- Data records
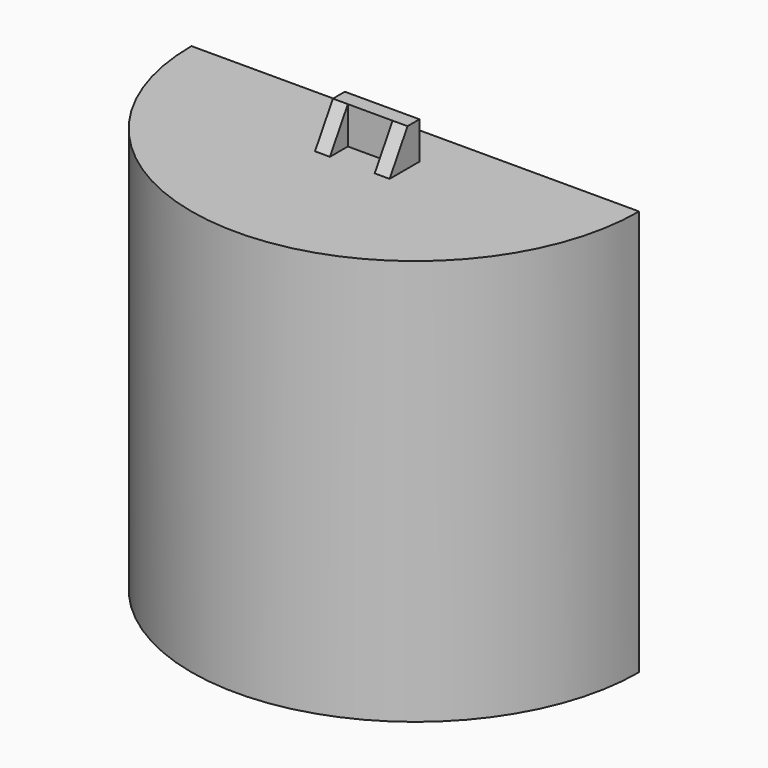
from build123d import *

# Parameters (mm, degrees)
F1_DEPTH       = 4.7625
F3_DEPTH       = 127
F5_DEPTH       = 6.35
F7_DEPTH       = 12.7
F9_DEPTH       = 5.08
F11_ANGLE_BACK = 20
F11_ANGLE      = 40
F12_R          = 5.08


# Not quite as in the source:
# - a length typed as a fraction of an inch, garbled in the dataset ("3 / 203.2 mm" for 3/8 in), is restored
# - a pattern or mirror of a feature is missing from the dataset's text; its kind, count and spacing are read off the source's solid


with BuildPart() as f1:
    # F0 (on Top) → F1 (new body)
    with BuildSketch(Plane.XY):
        with BuildLine():
            ThreePointArc((-76.2, 0), (0, -76.2), (76.2, 0))
            Line((76.2, 0), (67.31, 0))
            Line((67.31, 0), (67.31, -12.7))
            Line((67.31, -12.7), (-67.31, -12.7))
            Line((-67.31, -12.7), (-67.31, 0))
            Line((-67.31, 0), (-76.2, 0))
        make_face()
    extrude(amount=F1_DEPTH)

    # F2 (on face) → F3 (join)
    with BuildSketch(Plane.XY.offset(4.7625)):
        with BuildLine():
            Line((-67.31, 0), (-76.2, 0))
            ThreePointArc((-76.2, 0), (0, -76.2), (76.2, 0))
            Line((76.2, 0), (67.31, 0))
            ThreePointArc((67.31, 0), (0, -67.31), (-67.31, 0))
        make_face()
    extrude(amount=F3_DEPTH)

    # F4 (on face) → F5 (join)
    with BuildSketch(Plane.XY.offset(131.7625)):
        with BuildLine():
            Line((76.2, 0), (-76.2, 0))
            ThreePointArc((-76.2, 0), (0, -76.2), (76.2, 0))
        make_face()
    extrude(amount=F5_DEPTH)

    # F6 (on face) → F7 (join)
    with BuildSketch(Plane.XY.offset(138.1125)):
        Polygon((12.7, -14.0898204726), (0, -14.0898204726), (-12.7, -14.0898204726), (-12.7, -19.1698204726), (0, -19.1698204726), (12.7, -19.1698204726), align=None)
    extrude(amount=F7_DEPTH)

    # F8 (on face) → F9 (join)
    with BuildSketch(Plane.YZ.offset(12.7)):
        Polygon((-19.1698204726, 150.8125), (-26.7898204726, 138.1125), (-19.1698204726, 138.1125), align=None)
    f9 = extrude(amount=-F9_DEPTH)

    # F9_copies: F9 across plane
    add(f9.mirror(Plane(origin=(0, 0, 0), x_dir=(0, 0, -1), z_dir=(-1, 0, 0))))


with BuildPart() as f11:
    # F10 (on Right) → F11 (revolve)
    with BuildSketch(Plane.YZ, mode=Mode.PRIVATE) as f11_sk:
        Polygon((-98.6883191255, -24.4902079291), (-69.5020258427, 0), (-76.2, 0), (-76.2, 5.1620067097), (-104.2903103798, -17.814014726), align=None)
    revolve(f11_sk.sketch.rotate(Axis((0, 0, 0), (0, 0, -1)), -F11_ANGLE_BACK), axis=Axis((0, 0, 0), (0, 0, -1)), revolution_arc=F11_ANGLE)

    # F12
    f12_edges = [f11.edges().sort_by_distance(p)[0] for p in [
        (34.71139, -95.36876, -21.152111),
        (-34.71139, -95.36876, -21.152111),
    ]]
    fillet(f12_edges, radius=F12_R)


solid = f1.part

- Assigned task
Print the entries above exactly, leaving pictures out.

- Answer to the exercise
from build123d import *

# Parameters (mm, degrees)
F1_DEPTH       = 4.7625
F3_DEPTH       = 127
F5_DEPTH       = 6.35
F7_DEPTH       = 12.7
F9_DEPTH       = 5.08
F11_ANGLE_BACK = 20
F11_ANGLE      = 40
F12_R          = 5.08


# Not quite as in the source:
# - a length typed as a fraction of an inch, garbled in the dataset ("3 / 203.2 mm" for 3/8 in), is restored
# - a pattern or mirror of a feature is missing from the dataset's text; its kind, count and spacing are read off the source's solid


with BuildPart() as f1:
    # F0 (on Top) → F1 (new body)
    with BuildSketch(Plane.XY):
        with BuildLine():
            ThreePointArc((-76.2, 0), (0, -76.2), (76.2, 0))
            Line((76.2, 0), (67.31, 0))
            Line((67.31, 0), (67.31, -12.7))
            Line((67.31, -12.7), (-67.31, -12.7))
            Line((-67.31, -12.7), (-67.31, 0))
            Line((-67.31, 0), (-76.2, 0))
        make_face()
    extrude(amount=F1_DEPTH)

    # F2 (on face) → F3 (join)
    with BuildSketch(Plane.XY.offset(4.7625)):
        with BuildLine():
            Line((-67.31, 0), (-76.2, 0))
            ThreePointArc((-76.2, 0), (0, -76.2), (76.2, 0))
            Line((76.2, 0), (67.31, 0))
            ThreePointArc((67.31, 0), (0, -67.31), (-67.31, 0))
        make_face()
    extrude(amount=F3_DEPTH)

    # F4 (on face) → F5 (join)
    with BuildSketch(Plane.XY.offset(131.7625)):
        with BuildLine():
            Line((76.2, 0), (-76.2, 0))
            ThreePointArc((-76.2, 0), (0, -76.2), (76.2, 0))
        make_face()
    extrude(amount=F5_DEPTH)

    # F6 (on face) → F7 (join)
    with BuildSketch(Plane.XY.offset(138.1125)):
        Polygon((12.7, -14.0898204726), (0, -14.0898204726), (-12.7, -14.0898204726), (-12.7, -19.1698204726), (0, -19.1698204726), (12.7, -19.1698204726), align=None)
    extrude(amount=F7_DEPTH)

    # F8 (on face) → F9 (join)
    with BuildSketch(Plane.YZ.offset(12.7)):
        Polygon((-19.1698204726, 150.8125), (-26.7898204726, 138.1125), (-19.1698204726, 138.1125), align=None)
    f9 = extrude(amount=-F9_DEPTH)

    # F9_copies: F9 across plane
    add(f9.mirror(Plane(origin=(0, 0, 0), x_dir=(0, 0, -1), z_dir=(-1, 0, 0))))


with BuildPart() as f11:
    # F10 (on Right) → F11 (revolve)
    with BuildSketch(Plane.YZ, mode=Mode.PRIVATE) as f11_sk:
        Polygon((-98.6883191255, -24.4902079291), (-69.5020258427, 0), (-76.2, 0), (-76.2, 5.1620067097), (-104.2903103798, -17.814014726), align=None)
    revolve(f11_sk.sketch.rotate(Axis((0, 0, 0), (0, 0, -1)), -F11_ANGLE_BACK), axis=Axis((0, 0, 0), (0, 0, -1)), revolution_arc=F11_ANGLE)

    # F12
    f12_edges = [f11.edges().sort_by_distance(p)[0] for p in [
        (34.71139, -95.36876, -21.152111),
        (-34.71139, -95.36876, -21.152111),
    ]]
    fillet(f12_edges, radius=F12_R)


solid = f1.part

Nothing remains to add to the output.